DATA TO EXAMINE:
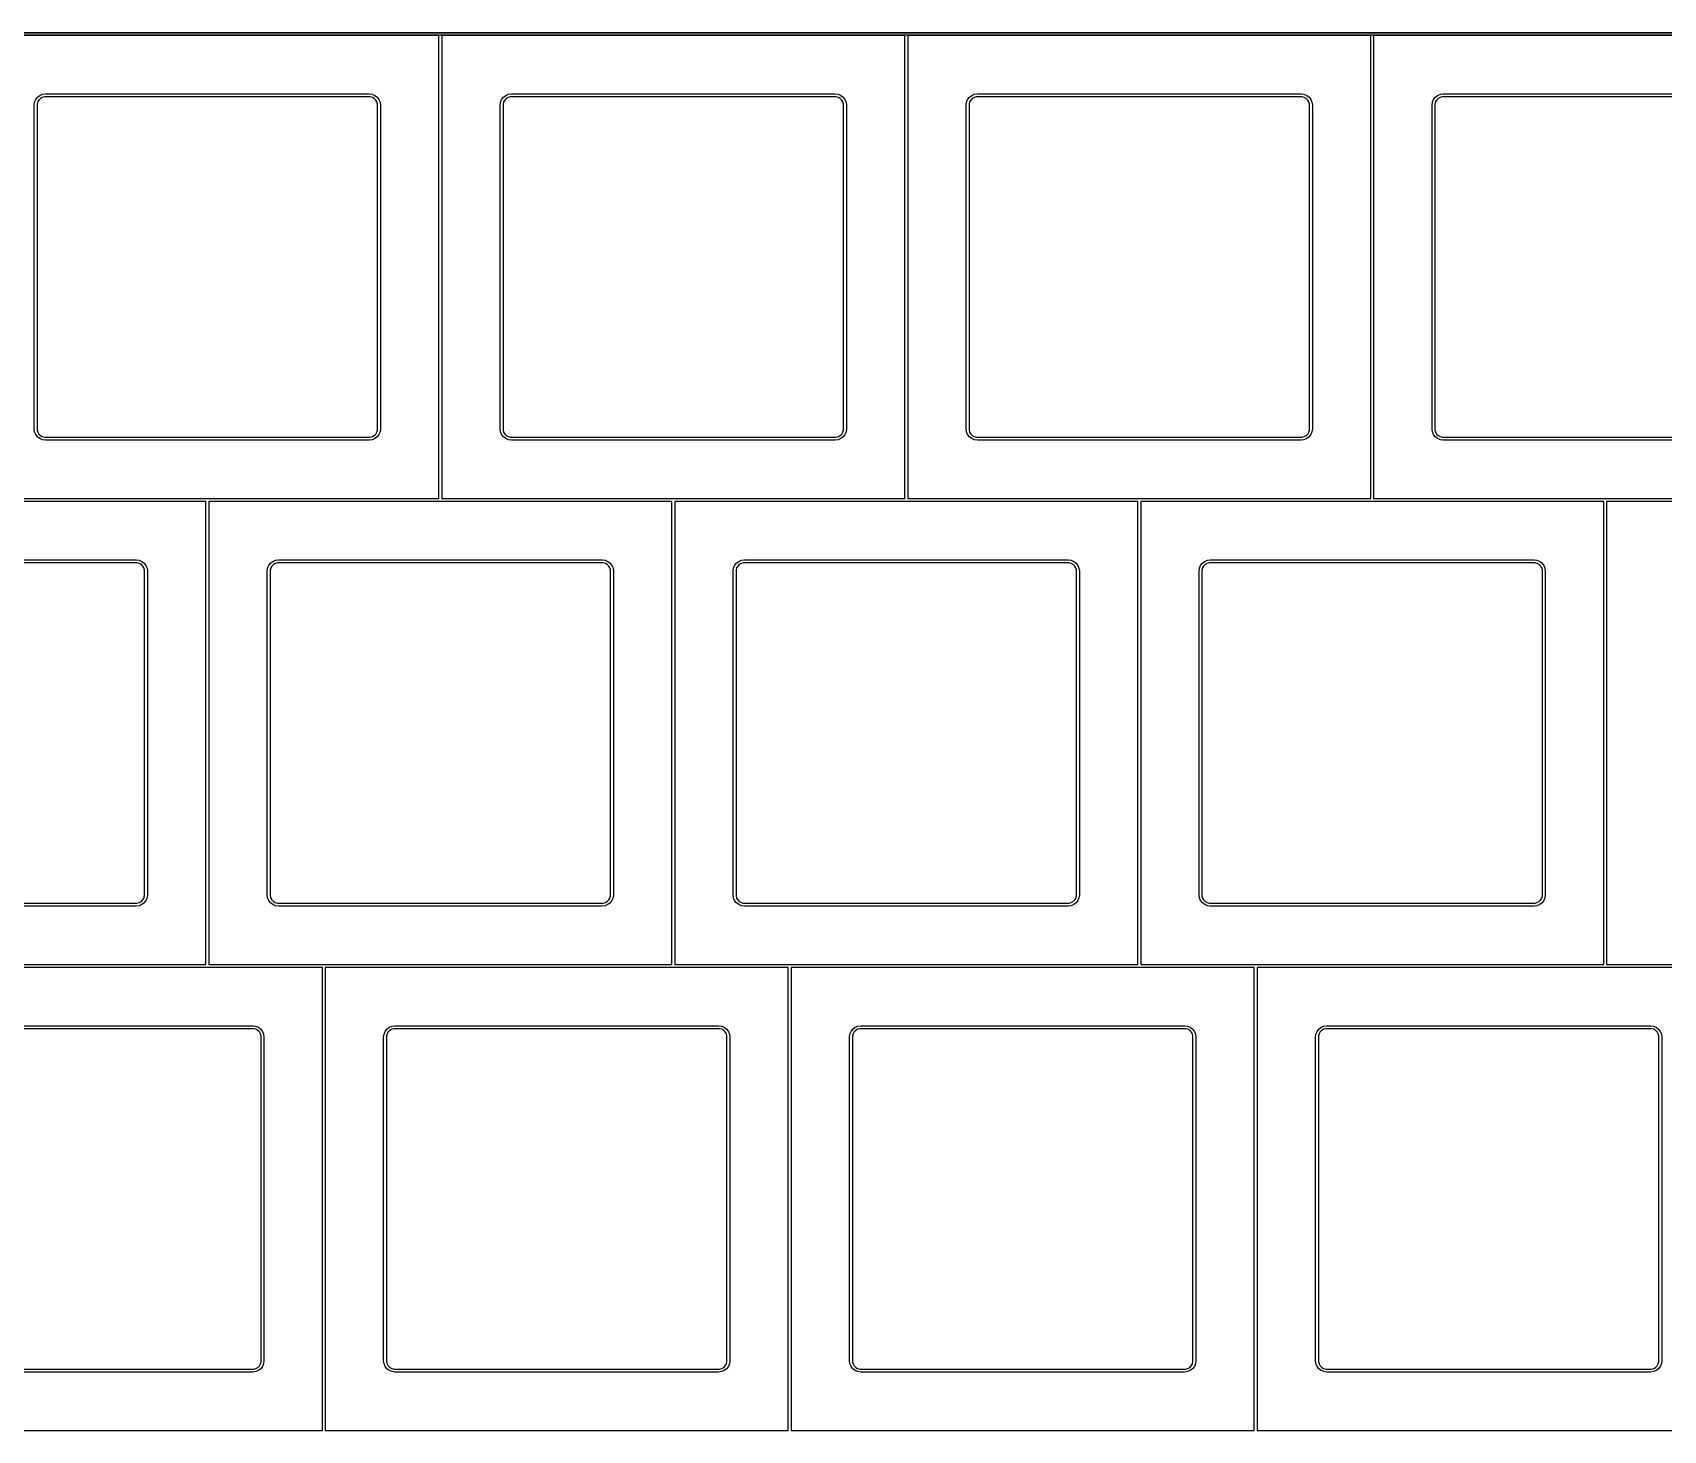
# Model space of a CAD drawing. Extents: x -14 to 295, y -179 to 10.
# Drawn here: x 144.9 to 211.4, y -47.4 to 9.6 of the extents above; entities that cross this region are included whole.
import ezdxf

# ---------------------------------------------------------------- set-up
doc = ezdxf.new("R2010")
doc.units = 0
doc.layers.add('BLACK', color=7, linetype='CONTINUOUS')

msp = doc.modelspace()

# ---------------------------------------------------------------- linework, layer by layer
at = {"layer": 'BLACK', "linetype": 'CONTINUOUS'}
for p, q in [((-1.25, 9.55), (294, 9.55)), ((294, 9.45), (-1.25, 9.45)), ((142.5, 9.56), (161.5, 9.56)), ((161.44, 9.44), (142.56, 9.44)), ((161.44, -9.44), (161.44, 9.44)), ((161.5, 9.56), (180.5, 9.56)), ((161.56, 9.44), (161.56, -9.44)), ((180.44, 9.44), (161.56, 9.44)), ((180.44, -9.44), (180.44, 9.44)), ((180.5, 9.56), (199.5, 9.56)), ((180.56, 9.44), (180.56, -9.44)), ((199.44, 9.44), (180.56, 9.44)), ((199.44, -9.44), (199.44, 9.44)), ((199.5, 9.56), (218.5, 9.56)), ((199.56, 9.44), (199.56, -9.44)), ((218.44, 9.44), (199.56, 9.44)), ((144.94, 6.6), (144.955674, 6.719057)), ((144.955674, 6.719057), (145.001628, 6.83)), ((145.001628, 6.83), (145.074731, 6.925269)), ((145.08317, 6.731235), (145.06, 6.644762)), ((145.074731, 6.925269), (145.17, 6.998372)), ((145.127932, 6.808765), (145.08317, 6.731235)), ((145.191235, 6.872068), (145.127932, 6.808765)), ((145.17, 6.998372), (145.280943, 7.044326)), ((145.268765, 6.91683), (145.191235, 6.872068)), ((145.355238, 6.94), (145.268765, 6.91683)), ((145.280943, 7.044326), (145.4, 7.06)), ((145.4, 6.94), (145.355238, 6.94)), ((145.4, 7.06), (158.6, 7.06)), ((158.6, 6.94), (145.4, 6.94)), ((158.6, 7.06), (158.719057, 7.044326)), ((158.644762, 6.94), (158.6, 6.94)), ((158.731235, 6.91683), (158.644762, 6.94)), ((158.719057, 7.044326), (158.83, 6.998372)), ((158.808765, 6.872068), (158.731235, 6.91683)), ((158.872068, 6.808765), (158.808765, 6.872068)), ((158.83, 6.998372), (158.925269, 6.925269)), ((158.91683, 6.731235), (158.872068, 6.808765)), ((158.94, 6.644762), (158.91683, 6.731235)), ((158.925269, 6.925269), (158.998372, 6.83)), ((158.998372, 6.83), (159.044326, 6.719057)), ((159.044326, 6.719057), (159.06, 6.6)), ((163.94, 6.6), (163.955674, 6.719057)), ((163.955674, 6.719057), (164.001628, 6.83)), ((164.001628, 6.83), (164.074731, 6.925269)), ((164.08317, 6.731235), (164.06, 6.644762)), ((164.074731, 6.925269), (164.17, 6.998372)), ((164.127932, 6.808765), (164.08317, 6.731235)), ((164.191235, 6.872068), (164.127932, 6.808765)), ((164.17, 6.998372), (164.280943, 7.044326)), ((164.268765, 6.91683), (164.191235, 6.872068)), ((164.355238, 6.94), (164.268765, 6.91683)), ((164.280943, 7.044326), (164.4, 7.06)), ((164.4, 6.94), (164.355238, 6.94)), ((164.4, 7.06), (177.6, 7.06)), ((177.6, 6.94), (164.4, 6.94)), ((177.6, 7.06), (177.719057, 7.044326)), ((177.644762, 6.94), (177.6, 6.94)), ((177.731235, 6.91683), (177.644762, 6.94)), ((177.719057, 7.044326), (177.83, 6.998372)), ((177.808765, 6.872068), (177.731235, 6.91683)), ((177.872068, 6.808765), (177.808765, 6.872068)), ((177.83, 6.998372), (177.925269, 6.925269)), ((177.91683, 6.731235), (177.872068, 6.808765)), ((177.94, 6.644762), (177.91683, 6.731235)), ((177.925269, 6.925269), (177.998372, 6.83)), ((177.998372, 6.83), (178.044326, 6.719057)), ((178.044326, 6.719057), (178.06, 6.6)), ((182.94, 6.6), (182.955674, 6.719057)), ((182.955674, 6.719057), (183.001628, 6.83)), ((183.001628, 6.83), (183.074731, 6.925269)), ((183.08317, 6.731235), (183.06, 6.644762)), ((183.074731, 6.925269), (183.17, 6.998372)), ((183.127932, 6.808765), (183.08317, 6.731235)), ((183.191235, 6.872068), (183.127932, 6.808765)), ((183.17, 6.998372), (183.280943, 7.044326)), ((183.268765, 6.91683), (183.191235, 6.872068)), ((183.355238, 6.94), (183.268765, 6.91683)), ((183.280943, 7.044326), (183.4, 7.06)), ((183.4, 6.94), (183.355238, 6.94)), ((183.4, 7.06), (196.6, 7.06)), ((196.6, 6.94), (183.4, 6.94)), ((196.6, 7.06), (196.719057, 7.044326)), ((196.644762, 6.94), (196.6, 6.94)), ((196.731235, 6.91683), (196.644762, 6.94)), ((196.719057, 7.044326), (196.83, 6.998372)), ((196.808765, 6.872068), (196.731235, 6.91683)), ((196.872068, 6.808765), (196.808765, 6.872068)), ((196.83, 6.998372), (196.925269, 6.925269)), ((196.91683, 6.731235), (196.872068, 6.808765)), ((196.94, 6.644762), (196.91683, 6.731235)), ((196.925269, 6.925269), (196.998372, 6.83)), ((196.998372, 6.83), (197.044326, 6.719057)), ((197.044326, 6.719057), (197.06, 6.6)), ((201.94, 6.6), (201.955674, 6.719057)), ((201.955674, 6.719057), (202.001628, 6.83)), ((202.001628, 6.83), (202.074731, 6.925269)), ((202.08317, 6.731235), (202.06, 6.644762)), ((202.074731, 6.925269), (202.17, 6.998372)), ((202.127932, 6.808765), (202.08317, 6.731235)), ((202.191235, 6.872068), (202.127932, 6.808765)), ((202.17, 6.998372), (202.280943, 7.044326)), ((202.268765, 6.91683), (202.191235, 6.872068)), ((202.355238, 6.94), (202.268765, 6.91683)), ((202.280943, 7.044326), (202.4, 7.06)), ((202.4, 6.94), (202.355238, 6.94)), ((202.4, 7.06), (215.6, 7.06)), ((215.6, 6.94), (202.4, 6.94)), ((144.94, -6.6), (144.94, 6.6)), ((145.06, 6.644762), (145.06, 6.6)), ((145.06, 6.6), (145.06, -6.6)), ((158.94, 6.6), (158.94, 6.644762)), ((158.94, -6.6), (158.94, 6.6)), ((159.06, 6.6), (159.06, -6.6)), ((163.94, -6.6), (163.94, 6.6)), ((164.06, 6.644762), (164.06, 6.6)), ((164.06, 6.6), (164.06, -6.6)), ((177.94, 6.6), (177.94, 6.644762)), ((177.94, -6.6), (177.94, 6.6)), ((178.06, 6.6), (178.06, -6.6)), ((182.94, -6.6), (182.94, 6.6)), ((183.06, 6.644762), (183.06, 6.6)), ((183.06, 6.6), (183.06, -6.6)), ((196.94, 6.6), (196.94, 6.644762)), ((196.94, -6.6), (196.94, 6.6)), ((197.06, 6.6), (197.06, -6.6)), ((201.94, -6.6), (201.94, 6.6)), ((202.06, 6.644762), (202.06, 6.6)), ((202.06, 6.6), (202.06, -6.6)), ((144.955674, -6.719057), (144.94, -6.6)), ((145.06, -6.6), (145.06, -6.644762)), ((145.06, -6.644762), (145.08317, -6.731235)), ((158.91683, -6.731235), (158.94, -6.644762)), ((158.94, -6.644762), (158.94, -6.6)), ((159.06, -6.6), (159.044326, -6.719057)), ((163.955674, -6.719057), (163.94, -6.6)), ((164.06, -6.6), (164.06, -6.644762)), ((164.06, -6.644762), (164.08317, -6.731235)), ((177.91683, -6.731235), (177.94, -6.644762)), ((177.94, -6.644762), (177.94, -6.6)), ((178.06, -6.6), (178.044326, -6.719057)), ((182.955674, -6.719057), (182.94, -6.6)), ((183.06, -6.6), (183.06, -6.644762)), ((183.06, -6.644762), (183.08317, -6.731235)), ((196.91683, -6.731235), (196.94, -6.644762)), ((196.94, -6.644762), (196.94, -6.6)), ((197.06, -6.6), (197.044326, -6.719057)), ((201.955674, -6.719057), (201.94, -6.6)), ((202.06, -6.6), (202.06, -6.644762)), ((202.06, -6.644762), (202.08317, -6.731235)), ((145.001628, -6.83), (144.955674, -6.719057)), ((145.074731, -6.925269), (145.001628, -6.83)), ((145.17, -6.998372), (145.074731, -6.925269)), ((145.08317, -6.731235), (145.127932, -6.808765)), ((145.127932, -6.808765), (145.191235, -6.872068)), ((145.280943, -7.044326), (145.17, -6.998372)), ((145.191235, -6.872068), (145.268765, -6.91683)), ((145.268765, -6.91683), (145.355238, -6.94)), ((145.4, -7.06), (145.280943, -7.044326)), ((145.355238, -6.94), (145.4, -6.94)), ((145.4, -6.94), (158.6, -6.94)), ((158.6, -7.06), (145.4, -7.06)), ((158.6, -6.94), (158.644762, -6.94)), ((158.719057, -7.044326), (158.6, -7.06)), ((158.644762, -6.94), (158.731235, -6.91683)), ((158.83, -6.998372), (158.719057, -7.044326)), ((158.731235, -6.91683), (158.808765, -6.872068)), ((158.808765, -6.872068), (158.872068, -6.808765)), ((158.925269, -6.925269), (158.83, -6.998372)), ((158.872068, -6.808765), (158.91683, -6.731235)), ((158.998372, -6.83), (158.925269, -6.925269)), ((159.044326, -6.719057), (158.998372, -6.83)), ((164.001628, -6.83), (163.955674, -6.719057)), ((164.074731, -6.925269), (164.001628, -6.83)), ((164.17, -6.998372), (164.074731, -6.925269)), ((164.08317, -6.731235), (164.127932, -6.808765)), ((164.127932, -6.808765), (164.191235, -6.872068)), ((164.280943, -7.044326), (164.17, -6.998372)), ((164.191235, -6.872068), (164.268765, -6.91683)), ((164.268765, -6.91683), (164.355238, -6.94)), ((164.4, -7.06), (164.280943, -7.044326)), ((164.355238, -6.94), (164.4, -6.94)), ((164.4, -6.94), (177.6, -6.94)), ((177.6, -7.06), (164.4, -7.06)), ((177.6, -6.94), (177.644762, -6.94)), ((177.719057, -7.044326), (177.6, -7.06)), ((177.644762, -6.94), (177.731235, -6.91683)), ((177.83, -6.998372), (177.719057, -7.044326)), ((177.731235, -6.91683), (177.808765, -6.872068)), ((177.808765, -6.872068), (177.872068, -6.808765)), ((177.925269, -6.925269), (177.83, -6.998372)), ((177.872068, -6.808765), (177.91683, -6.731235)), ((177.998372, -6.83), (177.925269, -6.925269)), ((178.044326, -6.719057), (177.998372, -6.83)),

TASK TO CARRY OUT: Go through the entries above and report every line in which the word "BLACK" appears.

WRITTEN ANSWER:
doc.layers.add('BLACK', color=7, linetype='CONTINUOUS')
at = {"layer": 'BLACK', "linetype": 'CONTINUOUS'}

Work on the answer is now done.